Comment 20 Jeremy Eder 2016-06-02 14:41:30 UTC
Because the 512 default will blow up many things, if/when tasksmax is backported to rhel it will default to inifinity.

https://bugzilla.redhat.com/show_bug.cgi?id=1337244#c7
and the corresponding discussion here:
http://post-office.corp.redhat.com/archives/os-devel-list/2016-May/msg00019.html

Adding Lukas to this bz since it's about Fedora.  Lukas -- what is everyone doing in Fedora for tasksmax?  I see ceph is setting it explicitly in their unit file so they don't encounter this issue.  Is that the plan for fedora, to have each unitfile specify tasksmax=inifinity ?

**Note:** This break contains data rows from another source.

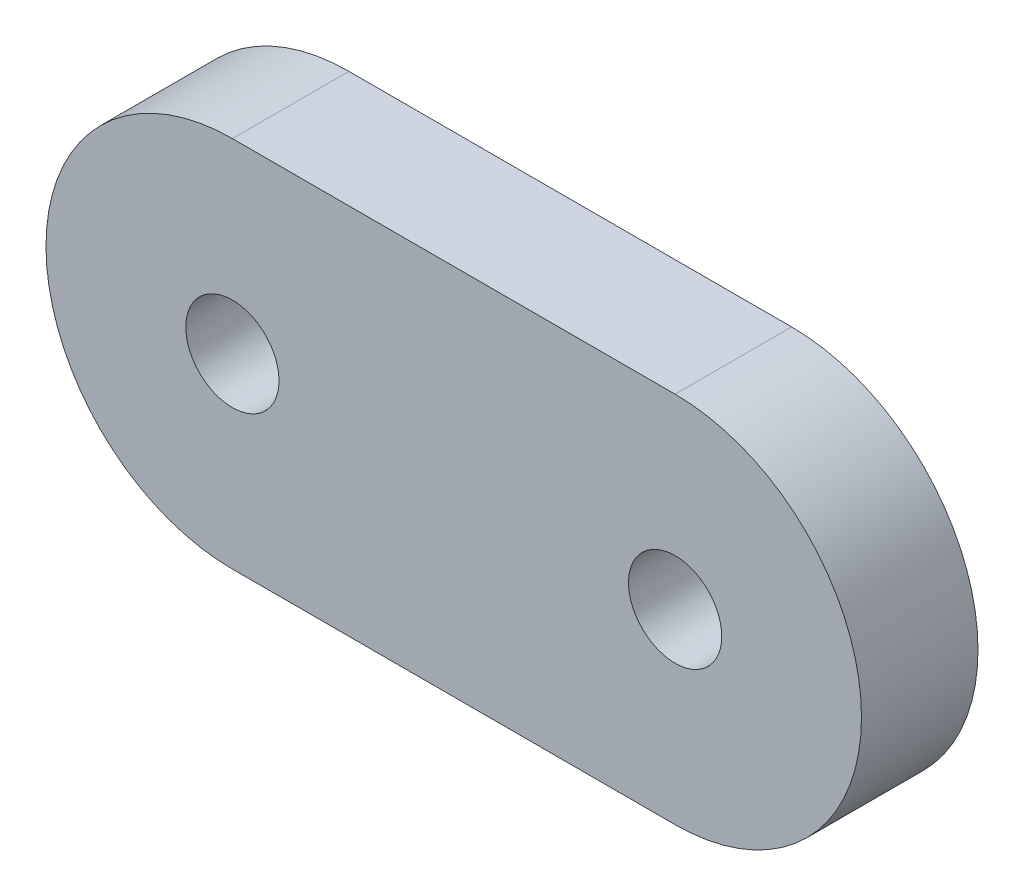
SolidWorks part; units mm, degrees
ref_plane "Front Plane" through (0, 0, 0) normal (0, 0, 1) x (1, 0, 0)
ref_plane "Top Plane" through (0, 0, 0) normal (0, 1, 0) x (1, 0, 0)
ref_plane "Right Plane" through (0, 0, 0) normal (1, 0, 0) x (0, 0, -1)
sketch "Sketch1" plane through (0, 0, 0) normal (0, 0, 1) x (1, 0, 0)
  line L0 (0, 0) -> (24.13, 0) construction
  line L1 (0, 10.16) -> (24.13, 10.16)
  line L2 (0, -10.16) -> (24.13, -10.16)
  line L3 (2.54, 0) -> (21.59, 0) construction
  arc A0 (0, 10.16) -> (0, -10.16) centre (0, 0) ccw
  arc A1 (24.13, -10.16) -> (24.13, 10.16) centre (24.13, 0) ccw
  circle A2 centre (0, 0) radius 2.54
  circle A3 centre (24.13, 0) radius 2.54
  point P3 (12.065, 0)
  dimension "D2" = 5.08
  dimension "D3" = 5.08
  dimension "D1" = 19.05
  dimension "D4" = 20.32
extrude "Boss-Extrude1" add sketch "Sketch1" along normal blind 6.35
equation "\"distance-between-holes\"= .75in"
equation "\"clamp-height\"= .8in"
equation "\"clamp-width\"= 1.5in"
equation "\"hole-diameter\"= .2in"
equation "\"material-thickness\"= .25in"
equation "\"D1@Boss-Extrude1\"=\"material-thickness\""
equation "\"D1@Sketch1\"=\"distance-between-holes\""
equation "\"D2@Sketch1\"=\"hole-diameter\""
equation "\"D3@Sketch1\"=\"hole-diameter\""
equation "\"D4@Sketch1\"=\"clamp-height\""
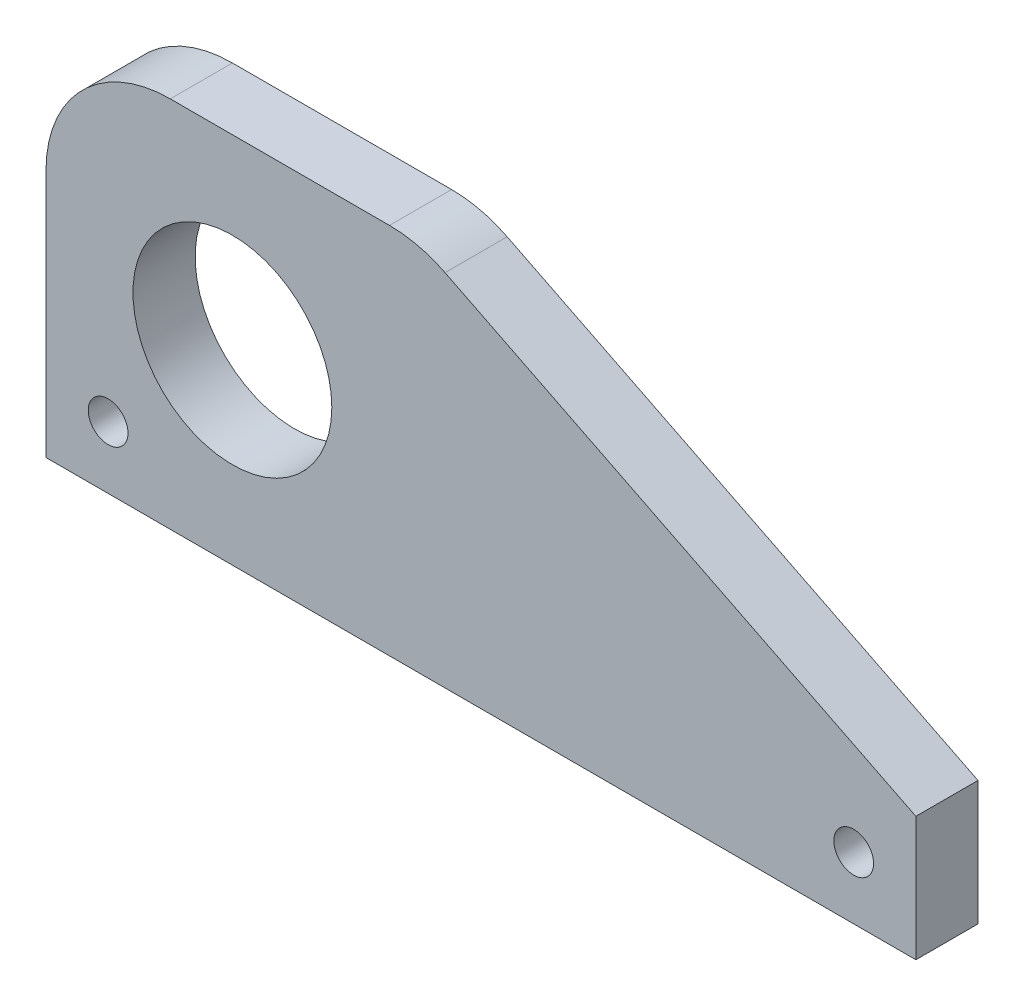
SolidWorks part; units mm, degrees
ref_plane "Front Plane" through (0, 0, 0) normal (0, 0, 1) x (1, 0, 0)
ref_plane "Top Plane" through (0, 0, 0) normal (0, 1, 0) x (1, 0, 0)
ref_plane "Right Plane" through (0, 0, 0) normal (1, 0, 0) x (0, 0, -1)
sketch "ｽｹｯﾁ1" plane through (0, 0, 0) normal (0, 0, 1) x (1, 0, 0)
  line L0 (0, 0) -> (0, 10)
  line L1 (0, 10) -> (0, 30)
  line L2 (0, 30) -> (30, 30)
  line L3 (30, 30) -> (70, 10)
  line L4 (70, 10) -> (70, 0)
  line L5 (70, 0) -> (0, 0)
  circle A0 centre (15, 15) radius 8
  circle A1 centre (5, 5) radius 1.6
  circle A2 centre (65, 5) radius 1.6
  point P13 (15, 30)
  point P14 (35, 0)
  dimension "D5" = 16
  dimension "D6" = 15
  dimension "D9" = 20
  dimension "D10" = 3.2
  dimension "D11" = 5
  dimension "D12" = 5
  dimension "D14" = 3.2
  dimension "D15" = 5
  dimension "D1" = 70
  dimension "D2" = 10
  dimension "D3" = 10
  dimension "D4" = 30
  dimension "D7" = 20
  dimension "D8" = 30
  dimension "D13" = 5
extrude "ﾎﾞｽ - 押し出し1" add sketch "ｽｹｯﾁ1" along normal blind 5
fillet "ﾌｨﾚｯﾄ1" radius 10 2 edges at (30, 30, 2.5) (0, 30, 2.5)
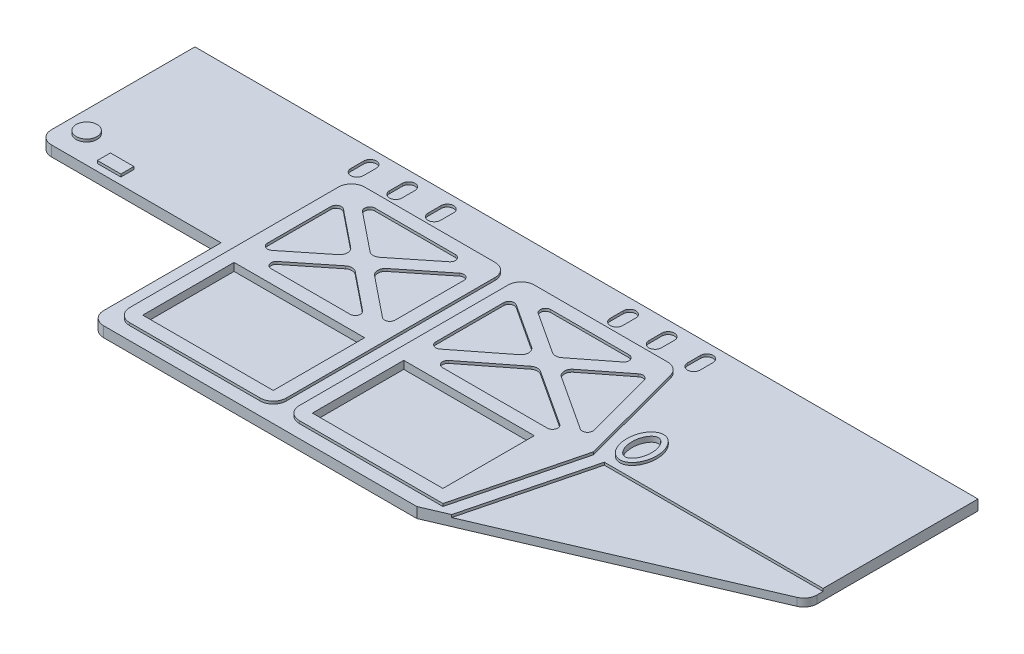
SolidWorks part; units mm, degrees
ref_plane "Front Plane" through (0, 0, 0) normal (0, 0, 1) x (1, 0, 0)
ref_plane "Top Plane" through (0, 0, 0) normal (0, 1, 0) x (1, 0, 0)
ref_plane "Right Plane" through (0, 0, 0) normal (1, 0, 0) x (0, 0, -1)
sketch "Sketch1" plane through (0, 0, 0) normal (0, 0, 1) x (1, 0, 0)
  line L0 (0, 0) -> (0, 254) construction
  line L1 (-381, 0) -> (0, 0)
  line L3 (-381, 6.35) -> (0, 6.35)
  line L4 (0, 0) -> (0, 6.35)
  line L5 (-381, 0) -> (-381, 6.35)
extrude "Boss-Extrude1" add sketch "Sketch1" along normal blind 139.7
sketch "Sketch2" plane through (0, 0, 0) normal (0, -1, 0) x (1, 0, 0)
  line L1 (-406.4, 139.7) -> (-406.4, 0) construction
  line L2 (-374.65, 76.2) -> (-292.1, 76.2)
  line L3 (-292.1, 76.2) -> (-292.1, 133.35)
  line L4 (-381, 139.7) -> (0, 139.7) construction
  line L5 (-285.75, 139.7) -> (-133.35, 139.7)
  line L6 (-133.35, 139.7) -> (-3.8486, 84.1994)
  line L7 (0, 139.7) -> (0, 0) construction
  line L8 (0, 78.3628) -> (0, 0)
  line L9 (0, 0) -> (-381, 0)
  line L10 (-381, 69.85) -> (-381, 0)
  line L11 (-381, 139.7) -> (-381, 0) construction
  arc A0 (-3.8486, 84.1994) -> (0, 78.3628) centre (-6.35, 78.3628) cw
  arc A1 (-292.1, 133.35) -> (-285.75, 139.7) centre (-285.75, 133.35) cw
  arc A3 (-381, 69.85) -> (-374.65, 76.2) centre (-374.65, 69.85) cw
  point P17 (0, 82.55)
  point P20 (-292.1, 139.7)
  point P21 (-381, 76.2)
  point P23 (-406.4, 76.2)
  dimension "D5" = 6.35
  dimension "D1" = 6.35
  dimension "D2" = 114.3
  dimension "D3" = 158.75
  dimension "D4" = 82.55
extrude "Cut-Extrude1" cut sketch "Sketch2" against normal through all
sketch "Sketch3" plane through (0, 6.35, 0) normal (0, 1, 0) x (1, 0, 0)
  line L0 (-133.35, -139.7) -> (-285.75, -139.7) construction
  line L1 (-279.4, -127) -> (-215.9, -127)
  line L2 (-279.4, -127) -> (-279.4, -82.55)
  line L3 (-279.4, -82.55) -> (-215.9, -82.55)
  line L4 (-215.9, -127) -> (-215.9, -82.55)
  line L5 (-196.85, -127) -> (-133.35, -127)
  line L6 (-196.85, -127) -> (-196.85, -82.55)
  line L7 (-196.85, -82.55) -> (-133.35, -82.55)
  line L8 (-133.35, -127) -> (-133.35, -82.55)
  line L9 (-292.1, -76.2) -> (-292.1, -133.35) construction
  dimension "D1" = 44.45
  dimension "D2" = 12.7
  dimension "D3" = 12.7
  dimension "D4" = 63.5
  dimension "D5" = 19.05
  dimension "D6" = 44.45
  dimension "D7" = 12.7
  dimension "D8" = 63.5
extrude "Cut-Extrude2" cut sketch "Sketch3" against normal through all contours L5 L8 L7 L6 | L1 L4 L3 L2
sketch "Sketch4" plane through (0, 0, 0) normal (0, -1, 0) x (1, 0, 0)
  line L0 (-285.75, 139.7) -> (-133.35, 139.7) construction
  line L1 (-279.4, 133.35) -> (-215.9, 133.35)
  line L2 (-285.75, 127) -> (-285.75, 25.4)
  line L3 (-279.4, 19.05) -> (-215.9, 19.05)
  line L4 (-209.55, 127) -> (-209.55, 25.4)
  line L5 (-127, 133.35) -> (-196.85, 133.35)
  line L7 (-131.8807, 19.05) -> (-196.85, 19.05)
  line L8 (-203.2, 127) -> (-203.2, 25.4)
  line L9 (-292.1, 76.2) -> (-292.1, 133.35) construction
  line L11 (-381, 0) -> (0, 0) construction
  line L12 (-215.9, 127) -> (-215.9, 82.55) construction
  line L13 (-127, 133.35) -> (-112.1376, 74.8789)
  line L14 (-112.1376, 74.8789) -> (-125.7444, 23.7664)
  arc A0 (-196.85, 133.35) -> (-203.2, 127) centre (-196.85, 127) ccw
  arc A1 (-215.9, 133.35) -> (-209.55, 127) centre (-215.9, 127) cw
  arc A2 (-279.4, 133.35) -> (-285.75, 127) centre (-279.4, 127) ccw
  arc A3 (-285.75, 25.4) -> (-279.4, 19.05) centre (-279.4, 25.4) ccw
  arc A4 (-215.9, 19.05) -> (-209.55, 25.4) centre (-215.9, 25.4) ccw
  arc A5 (-196.85, 19.05) -> (-203.2, 25.4) centre (-196.85, 25.4) cw
  arc A6 (-131.8807, 19.05) -> (-125.7444, 23.7664) centre (-131.8807, 25.4) ccw
  dimension "D3" = 6.35
  dimension "D1" = 6.35
  dimension "D2" = 6.35
  dimension "D4" = 6.35
  dimension "D5" = 19.05
  dimension "D6" = 6.35
  dimension "D7" = 6.35
  dimension "D8" = 19.05
extrude "Cut-Extrude3" cut sketch "Sketch4" against normal blind 1.27
sketch "Sketch5" plane through (0, 0, 0) normal (0, -1, 0) x (1, 0, 0)
  line L0 (-250.8616, 56.914) -> (-269.3149, 71.6766)
  line L1 (-248.4216, 50.9666) -> (-248.4331, 50.9773) construction
  line L3 (-267.7282, 76.2) -> (-229.317, 76.2)
  line L4 (-257.258, 53.8991) -> (-275.2733, 68.3113)
  line L5 (-184.3234, 76.2) -> (-133.6398, 76.2)
  line L6 (-196.85, 82.55) -> (-133.35, 82.55) construction
  line L9 (-142.8427, 29.9409) -> (-159.4602, 42.9343)
  line L10 (-227.2884, 29.9234) -> (-246.082, 44.9583)
  line L12 (-131.9836, 71.533) -> (-158.9921, 53.9033)
  line L15 (-124.9851, 68.5182) -> (-151.5288, 51.1918)
  line L21 (-220.0267, 32.246) -> (-239.6856, 47.9731)
  line L24 (-275.269, 33.4756) -> (-257.2515, 47.954)
  line L26 (-131.8807, 25.4) -> (-118.6989, 74.9159)
  line L28 (-131.8807, 25.4) -> (-118.6989, 74.9159)
  line L30 (-118.6989, 74.9159) -> (-131.9379, 127)
  line L37 (-269.5564, 29.9199) -> (-250.8486, 44.9531)
  line L38 (-215.9, 34.2294) -> (-215.9, 67.7374)
  line L40 (-248.5328, 50.9091) -> (-248.3486, 51.0351) construction
  line L41 (-246.095, 56.9191) -> (-227.7259, 71.6801)
  line L42 (-248.5328, 50.9091) -> (-248.5037, 50.8894) construction
  line L43 (-228.8751, 25.4) -> (-267.9653, 25.4)
  line L44 (-248.3486, 51.0351) -> (-248.5037, 50.8894) construction
  line L45 (-279.4, 66.3279) -> (-279.4, 35.4556)
  line L46 (-239.6921, 53.9182) -> (-220.031, 69.7173)
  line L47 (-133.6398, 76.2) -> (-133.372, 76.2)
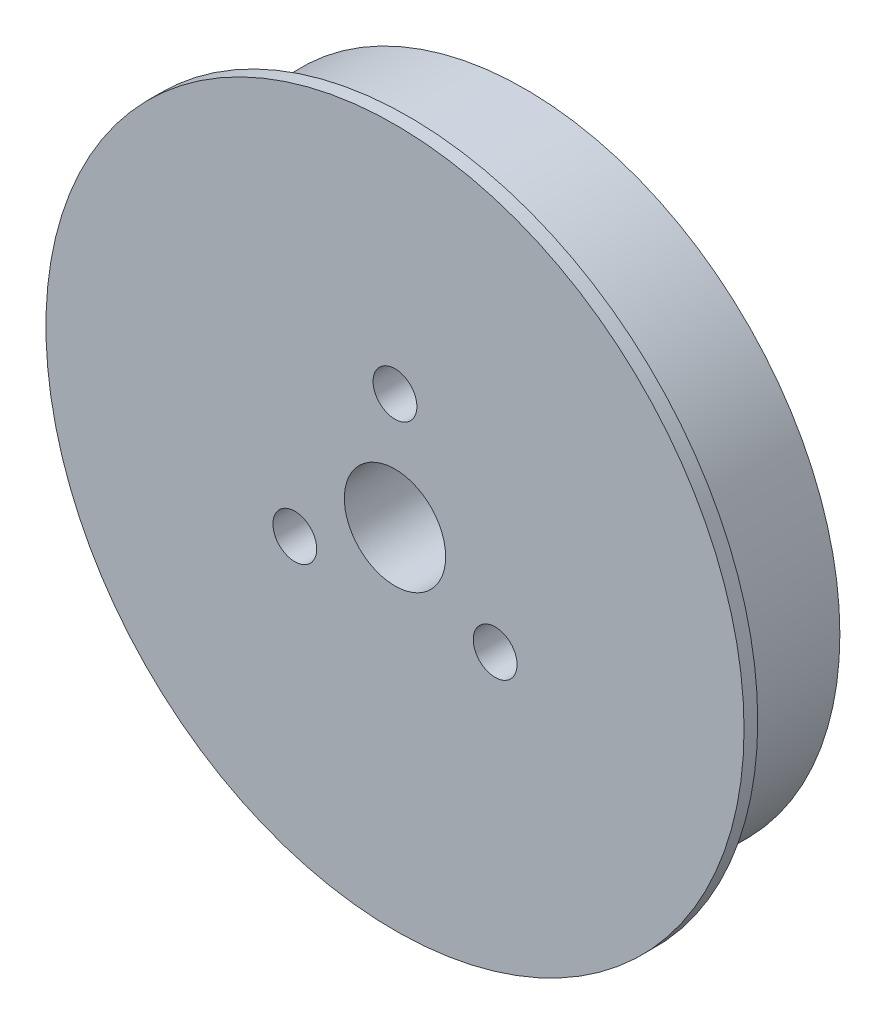
SolidWorks part; units mm, degrees
other "Rim-Inside" parameters "D1"=11.4465, "D2"=30.9038, "D3"=3.4737, "D4"=12.1609
ref_plane "Front Plane" through (0, 0, 0) normal (0, 0, 1) x (1, 0, 0)
ref_plane "Top Plane" through (0, 0, 0) normal (0, 1, 0) x (1, 0, 0)
ref_plane "Right Plane" through (0, 0, 0) normal (1, 0, 0) x (0, 0, -1)
sketch "Sketch1" plane through (0, 0, 0) normal (0, 0, 1) x (1, 0, 0)
  circle A0 centre (0, 0) radius 3.7
  circle A1 centre (0, 0) radius 23
  circle A5 centre (0, 0) radius 18
  dimension "D1" = 7.4
  dimension "D2" = 46
  dimension "D4" = 36
extrude "Boss-Extrude1" add sketch "Sketch1" along normal blind 9.5
sketch "Sketch9" plane through (0, 0, 9.5) normal (0, 0, 1) x (1, 0, 0)
  circle A0 centre (0, 0) radius 25.5
  circle A1 centre (0, 0) radius 23 construction
  circle M2 centre (0, 0) radius 23
  dimension "D1" = 51
extrude "Boss-Extrude3" add sketch "Sketch9" against normal blind 1 contours A0 M2
sketch "Sketch6" plane through (0, 0, 0) normal (0, 0, -1) x (-1, 0, 0)
  line L0 (0, 0) -> (0, 8.45) construction
  line L1 (0, 0) -> (7.3179, -4.225) construction
  line L2 (0, 0) -> (-7.3179, -4.225) construction
  dimension "D2" = 8.45
  dimension "D1" = 3
hole_wizard "Hole1" positions "3DSketch2" profile "Sketch8" legacy
sketch3d "3DSketch2"
  point P0 (0, 8.45, 0)
  point P3 (7.3179, -4.225, 0)
  point P6 (-7.3179, -4.225, 0)
sketch "Sketch8" plane through (0, 8.45, 0) normal (1, 0, 0) x (0, 1, 0)
  line L0 (0, 0) -> (0, 9.499)
  line L1 (0, 9.499) -> (1.6, 9.499)
  line L2 (1.6, 9.499) -> (1.6, 0)
  line L3 (1.6, 0) -> (0, 0)
  line L4 (0, 110) -> (0, -10) construction
  dimension "Diameter" = 3.2
  dimension "Depth" = 9.499
equation "\"M3 Nut Diameter\" = 5.50mm"
equation "\"Clearance Diameter 3D Printing\" = .20mm"
equation "\"D-Shaft\"= 4mm'D-Shaft diameter"
equation "\"Wheel Axle Diameter\"= 6.8mm'Axle to Connect to Wheel"
equation "\"Wheel Thickness\"= 10mm'Wheel Thickness"
equation "\"M3 Screw Diameter\"= 3.20mm'M3 Screw Diameter already with 3D printing Clearance"
equation "\"D1@Sketch1\" = \"Wheel Axle Diameter\" + .6mm"
equation "\"Wheel Diameter\"= 60mm"
equation "\"Silicone Tire Width\"= 7mm"
equation "\"D2@Sketch1\"= \"Wheel Diameter\" - 2 * \"Silicone Tire Width\""
equation "\"D2@Sketch6\"= ( \"Wheel Axle Diameter\" / 2 ) + ( ( \"M3 Nut Diameter\" + \"Clearance Diameter 3D Printing\" + .40mm ) / 2 ) + 2mm"
equation "\"D1@Boss-Extrude1\"=\"Wheel Thickness\"-0.5mm"
equation "\"Diameter\"= \"M3 Screw Diameter\""
equation "\"Logo Diameter\"= 36mm"
equation "\"D4@Sketch1\"= \"Logo Diameter\""

Comment 21 Fedora Update System 2016-06-02 15:43:18 UTC
docker-1.10.3-15.gitf476348.fc24 has been submitted as an update to Fedora 24. https://bodhi.fedoraproject.org/updates/FEDORA-2016-6ef52e1fc3

Comment 22 Lukáš Nykrýn 2016-06-03 08:24:52 UTC
I don't maintain the fedora package but I would advise to stick with upstream setting there. 

> Is that the plan for fedora, to have each unitfile specify tasksmax=inifinity ?

Only where it makes sense.

Comment 23 Fedora Update System 2016-06-03 09:26:20 UTC
docker-1.10.3-15.gitf476348.fc24 has been pushed to the Fedora 24 testing repository. If problems still persist, please make note of it in this bug report.
See https://fedoraproject.org/wiki/QA:Updates_Testing for
instructions on how to install test updates.
You can provide feedback for this update here: https://bodhi.fedoraproject.org/updates/FEDORA-2016-6ef52e1fc3

Comment 24 Fedora Update System 2016-06-18 18:48:11 UTC
docker-1.10.3-15.gitf476348.fc24 has been pushed to the Fedora 24 stable repository. If problems still persist, please make note of it in this bug report.